Thermal analysis was performed to complement the data generated by X-ray diffraction, to confirm the content of DSF in the formulation and to confirm the presence of disulfiram in an amorphous state in the nanoparticle matrices. DSC is used to determine the nature and speciation of crystallinity within nanoparticles through the measurement of glass and melting point temperatures and their associated enthalpies. DSC analyses were performed using a DSC822e thermal analyzer (Mettler Toledo International Inc. Columbus, OH). Samples containing approximately 5 mg of lyophilized nanoparticles were hermetically sealed in DSC aluminum pans. DSC scans were first recorded at a heating rate of 10°C min−1 from 0°C to 100°C and then allowed to cool to 10°C to observe the exothermic phase. During thermal scans, the crucible was purged with nitrogen. The generated data were analyzed STARe software. As a control, the pure material was analyzed to observe the change of the Tm or Tg.

Thermogravimetric analysis (TGA) was used to measure the physical and chemical changes of DSFNPs that occurs as a function of temperature. The procedure measures the relative change in weight of the nanoparticles with temperature changes. A Mettler TGA/SDTA851e thermobalance was used for measurements. Approximately 5 mg of pure DSF, blank polymer or DSFNPs were heated at a flow rate of 10°C/min in an aluminum crucible from 0 to 800°C under nitrogen spurge, and the mass percentages are obtained using STARe software. The mass percentage of the sample was plotted against temperature.

HPLC analytical method

HPLC based quantitative analysis was performed on Varian ProStar HPLC system equipped with a UV detector. Separation of analytes was carried on a Kinetex EVO C18 5 μM 100 A° column (100 × 4.6 mm, Phenomenex, CA) at room temperature. The mobile phase comprised of 70% acetonitrile and 30% water, which was pumped at a flow rate typically of 1 mL/min while the injection volume was 10 μL. The samples were measured at 254 nm wavelength. The retention time for DSF and internal standard (dimethyl thiocarbamate) was at 3.6 and 2 min respectively.

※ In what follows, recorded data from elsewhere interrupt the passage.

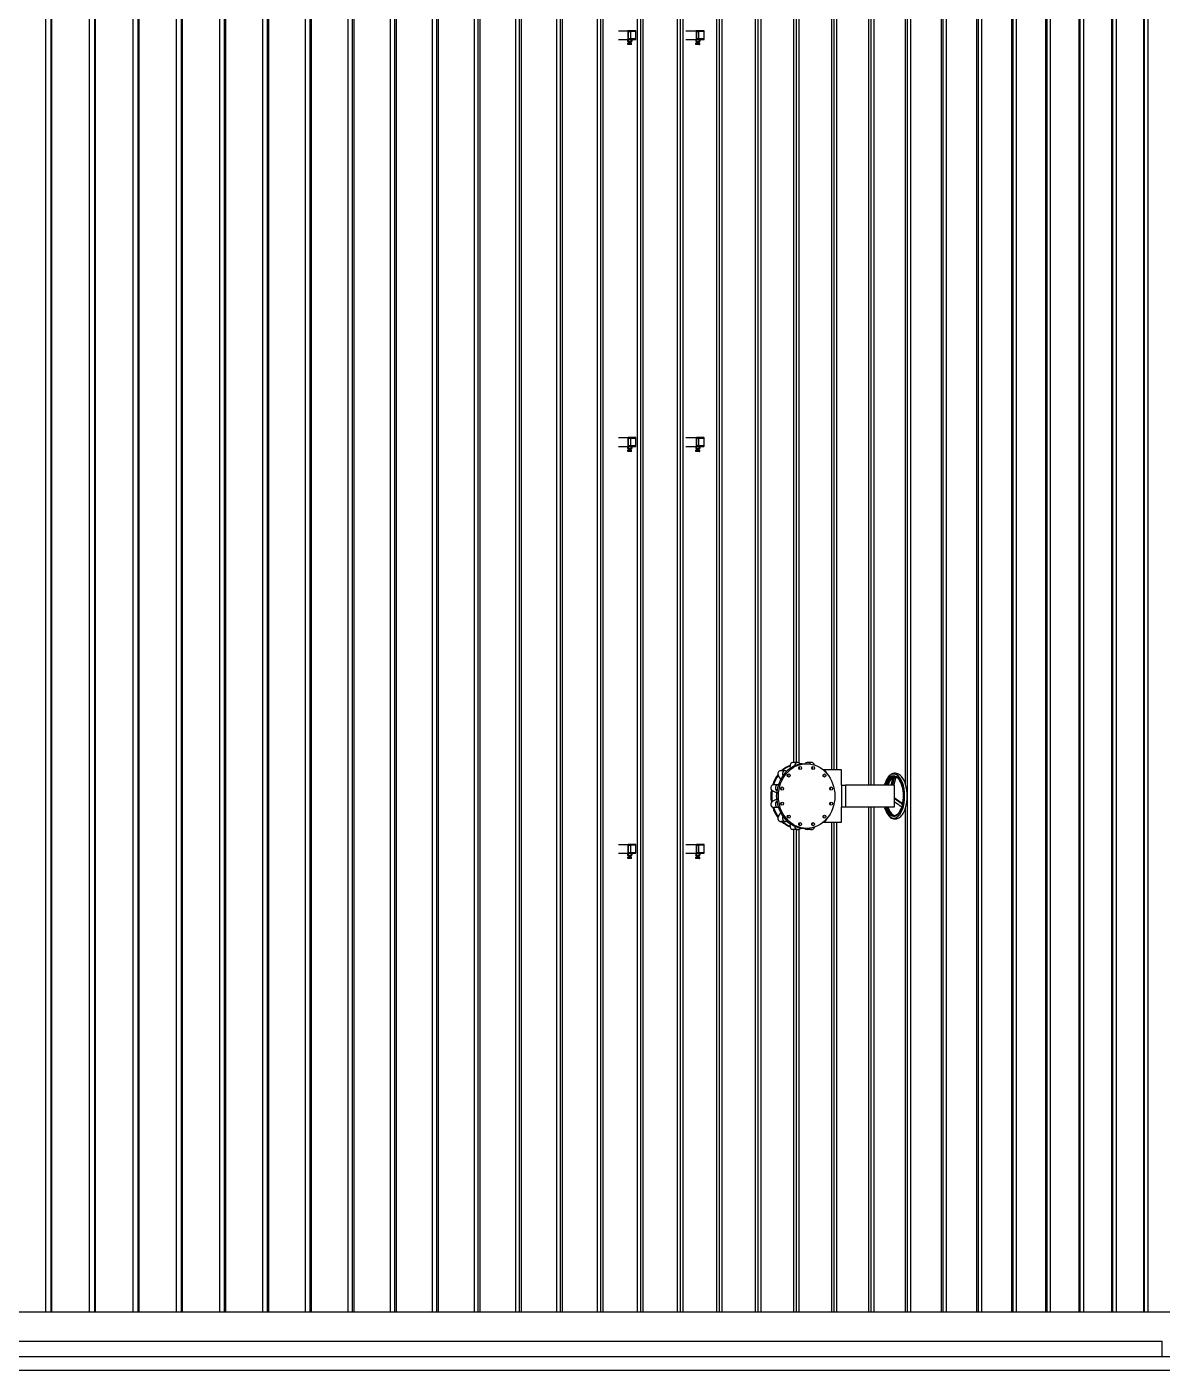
# Model space of a CAD drawing. Header units: millimetres. Extents: x 0 to 118900, y 0 to 84100.
# Drawn here: x 25700 to 33511, y 52500 to 61743 of the extents above; entities that cross this region are included whole.
import ezdxf

# ---------------------------------------------------------------- set-up
doc = ezdxf.new("R2010")
doc.units = ezdxf.units.MM
doc.header["$LTSCALE"] = 100
doc.layers.add('Visible', color=7, linetype='Continuous', lineweight=25)

msp = doc.modelspace()

# ---------------------------------------------------------------- linework, layer by layer
at = {"layer": 'Visible'}
for p, q in [((25830.68, 52899.68), (25830.68, 74561.18)), ((25867.94, 52899.68), (25867.94, 74561.18)), ((25870.57, 74561.18), (25870.57, 52899.68)), ((26130.98, 52899.68), (26130.98, 74561.18)), ((26167.3, 52899.68), (26167.3, 74561.18)), ((26170.79, 74561.18), (26170.79, 52899.68)), ((26430.56, 52899.68), (26430.56, 74561.18)), ((26465.91, 52899.68), (26465.91, 74561.18)), ((26470.25, 74561.18), (26470.25, 52899.68)), ((26729.22, 52899.68), (26729.22, 74561.18)), ((26763.58, 52899.68), (26763.58, 74561.18)), ((26768.78, 74561.18), (26768.78, 52899.68)), ((27026.79, 52899.68), (27026.79, 74561.18)), ((27060.13, 52899.68), (27060.13, 74561.18)), ((27066.19, 74561.18), (27066.19, 52899.68)), ((27323.08, 52899.68), (27323.08, 74561.18)), ((27355.38, 52899.68), (27355.38, 74561.18)), ((27362.29, 74561.18), (27362.29, 52899.68)), ((27617.91, 52899.68), (27617.91, 74561.18)), ((27649.16, 52899.68), (27649.16, 74561.18)), ((27656.91, 74561.18), (27656.91, 52899.68)), ((27911.09, 52899.68), (27911.09, 74561.18)), ((27941.27, 52899.68), (27941.27, 74561.18)), ((27949.87, 74561.18), (27949.87, 52899.68)), ((28202.46, 52899.68), (28202.46, 74561.18)), ((28231.55, 52899.68), (28231.55, 74561.18)), ((28240.98, 74561.18), (28240.98, 52899.68)), ((28491.84, 52899.68), (28491.84, 74561.18)), ((28519.81, 52899.68), (28519.81, 74561.18)), ((28530.08, 74561.18), (28530.08, 52899.68)), ((28779.03, 52899.68), (28779.03, 74561.18)), ((28805.89, 52899.68), (28805.89, 74561.18)), ((28816.97, 74561.18), (28816.97, 52899.68)), ((29063.88, 52899.68), (29063.88, 74561.18)), ((29089.59, 52899.68), (29089.59, 74561.18)), ((29101.5, 74561.18), (29101.5, 52899.68)), ((29346.2, 52899.68), (29346.2, 74561.18)), ((29370.75, 52899.68), (29370.75, 74561.18)), ((29383.47, 74561.18), (29383.47, 52899.68)), ((30713.96, 52899.68), (30713.96, 74561.18)), ((30732.51, 52899.68), (30732.51, 74561.18)), ((30749.15, 74561.18), (30749.15, 52899.68)), ((30977.57, 56680.32), (30977.57, 74561.18)), ((30994.88, 56680.32), (30994.88, 74561.18)), ((31012.28, 74561.18), (31012.28, 56677.25)), ((31237.48, 56629.68), (31237.48, 74561.18)), ((31253.54, 56629.68), (31253.54, 74561.18)), ((31271.69, 74561.18), (31271.69, 56629.68)), ((31493.54, 56524.18), (31493.54, 74561.18)), ((31508.34, 56524.18), (31508.34, 74561.18)), ((31527.22, 74561.18), (31527.22, 56524.18)), ((31745.59, 56530.79), (31745.59, 74561.18)), ((31759.12, 52899.68), (31759.12, 74561.18)), ((31778.73, 74561.18), (31778.73, 52899.68)), ((31993.47, 52899.68), (31993.47, 74561.18)), ((32005.73, 52899.68), (32005.73, 74561.18)), ((32026.04, 74561.18), (32026.04, 52899.68)), ((32237.03, 52899.68), (32237.03, 74561.18)), ((32248.01, 52899.68), (32248.01, 74561.18)), ((32269.02, 74561.18), (32269.02, 52899.68)), ((32476.13, 52899.68), (32476.13, 74561.18)), ((32485.82, 52899.68), (32485.82, 74561.18)), ((32507.52, 74561.18), (32507.52, 52899.68)), ((32710.62, 52899.68), (32710.62, 74561.18)), ((32719.01, 52899.68), (32719.01, 74561.18)), ((32741.38, 74561.18), (32741.38, 52899.68)), ((32940.35, 52899.68), (32940.35, 74561.18)), ((32947.44, 52899.68), (32947.44, 74561.18)), ((32970.47, 74561.18), (32970.47, 52899.68)), ((33165.18, 52899.68), (33165.18, 74561.18)), ((33170.97, 52899.68), (33170.97, 74561.18)), ((33194.64, 74561.18), (33194.64, 52899.68)), ((33384.98, 52899.68), (33384.98, 74561.18)), ((33389.46, 52899.68), (33389.46, 74561.18)), ((33413.76, 74561.18), (33413.76, 52899.68)), ((29625.83, 52899.68), (29625.83, 73614.24)), ((29649.21, 52899.68), (29649.21, 73606.68)), ((29662.72, 73606.68), (29662.72, 52899.68)), ((29902.59, 52899.68), (29902.59, 73543.98)), ((29924.78, 52899.68), (29924.78, 73543.68)), ((29939.09, 73543.73), (29939.09, 52899.68)), ((30176.3, 52899.68), (30176.3, 68884.68)), ((30197.29, 52899.68), (30197.29, 68880.07)), ((30212.39, 68856.05), (30212.39, 52899.68)), ((30446.82, 52899.68), (30446.82, 68785.88)), ((30466.59, 52899.68), (30466.59, 68799.1)), ((30482.47, 68809.09), (30482.47, 52899.68)), ((29769.7, 61716.18), (29837.89, 61716.18)), ((29769.7, 61656.18), (29837.89, 61656.18)), ((29833.78, 61655.5), (29833.78, 61642.35)), ((29835.62, 61656.18), (29834.1, 61655.63)), ((29836.05, 61714.18), (29836.05, 61658.18)), ((29889.24, 61716.18), (29837.89, 61716.18)), ((29837.89, 61656.18), (29889.24, 61656.18)), ((29838.8, 61713.18), (29888.33, 61713.18)), ((29838.8, 61659.18), (29838.8, 61713.18)), ((29888.33, 61659.18), (29838.8, 61659.18)), ((29840.62, 61710.18), (29839.62, 61709.18)), ((29855.62, 61709.18), (29839.62, 61709.18)), ((29839.62, 61659.18), (29839.62, 61709.18)), ((29854.62, 61710.18), (29840.62, 61710.18)), ((29841.24, 61642.35), (29841.24, 61655.5)), ((29854.62, 61710.18), (29855.62, 61709.18)), ((29855.08, 61655.5), (29855.08, 61642.35)), ((29855.62, 61659.18), (29855.62, 61709.18)), ((29859.62, 61656.18), (29861.14, 61655.63)), ((29861.46, 61655.5), (29861.46, 61642.35)), ((29888.33, 61713.18), (29888.33, 61659.18)), ((29891.08, 61658.18), (29891.08, 61714.18)), ((30233.38, 61716.18), (30308.06, 61716.18)), ((30233.38, 61656.18), (30308.06, 61656.18)), ((30301.98, 61655.5), (30301.98, 61642.35)), ((30303.78, 61656.18), (30302.54, 61655.73)), ((30306.26, 61714.18), (30306.26, 61658.18)), ((30358.44, 61716.18), (30308.06, 61716.18)), ((30308.06, 61656.18), (30358.44, 61656.18)), ((30308.96, 61713.18), (30357.54, 61713.18)), ((30308.96, 61659.18), (30308.96, 61713.18)), ((30322.78, 61710.18), (30308.96, 61710.18)), ((30323.78, 61709.18), (30308.96, 61709.18)), ((30357.54, 61659.18), (30308.96, 61659.18)), ((30309.92, 61642.35), (30309.92, 61655.5)), ((30322.78, 61710.18), (30323.78, 61709.18)), ((30323.73, 61655.5), (30323.73, 61642.35)), ((30323.78, 61659.18), (30323.78, 61709.18)), ((30327.78, 61656.18), (30329.02, 61655.73)), ((30329.59, 61655.5), (30329.59, 61642.35)), ((30357.54, 61713.18), (30357.54, 61659.18)), ((30360.24, 61658.18), (30360.24, 61714.18)), ((29835.62, 61641.68), (29834.1, 61642.23)), ((29834.23, 61620.85), (29834.23, 61629.38)), ((29834.23, 61629.38), (29836.04, 61629.38)), ((29835.62, 61620.18), (29835.19, 61620.34)), ((29835.62, 61641.68), (29837.51, 61641.68)), ((29859.62, 61630.18), (29835.62, 61630.18)), ((29835.62, 61629.38), (29835.62, 61630.18)), ((29836.04, 61620.18), (29835.62, 61620.18)), ((29836.04, 61629.38), (29837.84, 61629.38)), ((29844.54, 61620.18), (29836.04, 61620.18)), ((29837.51, 61641.68), (29848.16, 61641.68)), ((29837.84, 61629.38), (29844.54, 61629.38)), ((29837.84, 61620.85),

Characterization of the drug loading and entrapment efficiency of DSFNPs

The drug loading and encapsulation efficiency of DSFNPs were determined using earlier procedures. Briefly, 1 mg of freeze-dried DSFNPs were dissolved in 1 mL of methanol and incubated for 1 h in a 37°C water bath for complete extraction of the drug. The samples were centrifuged at 13,500 rpm for 5 min, and the amount of DSF in the supernatant was determined using HPLC as described in the previous section. The drug loading and encapsulation efficiency were defined as the ratio of the amount of DSF encapsulated in nanoparticles to the total amount of DSFNPs, and the ratio of the amount of encapsulated DSF to that initially added in the process respectively. The equations are shown below.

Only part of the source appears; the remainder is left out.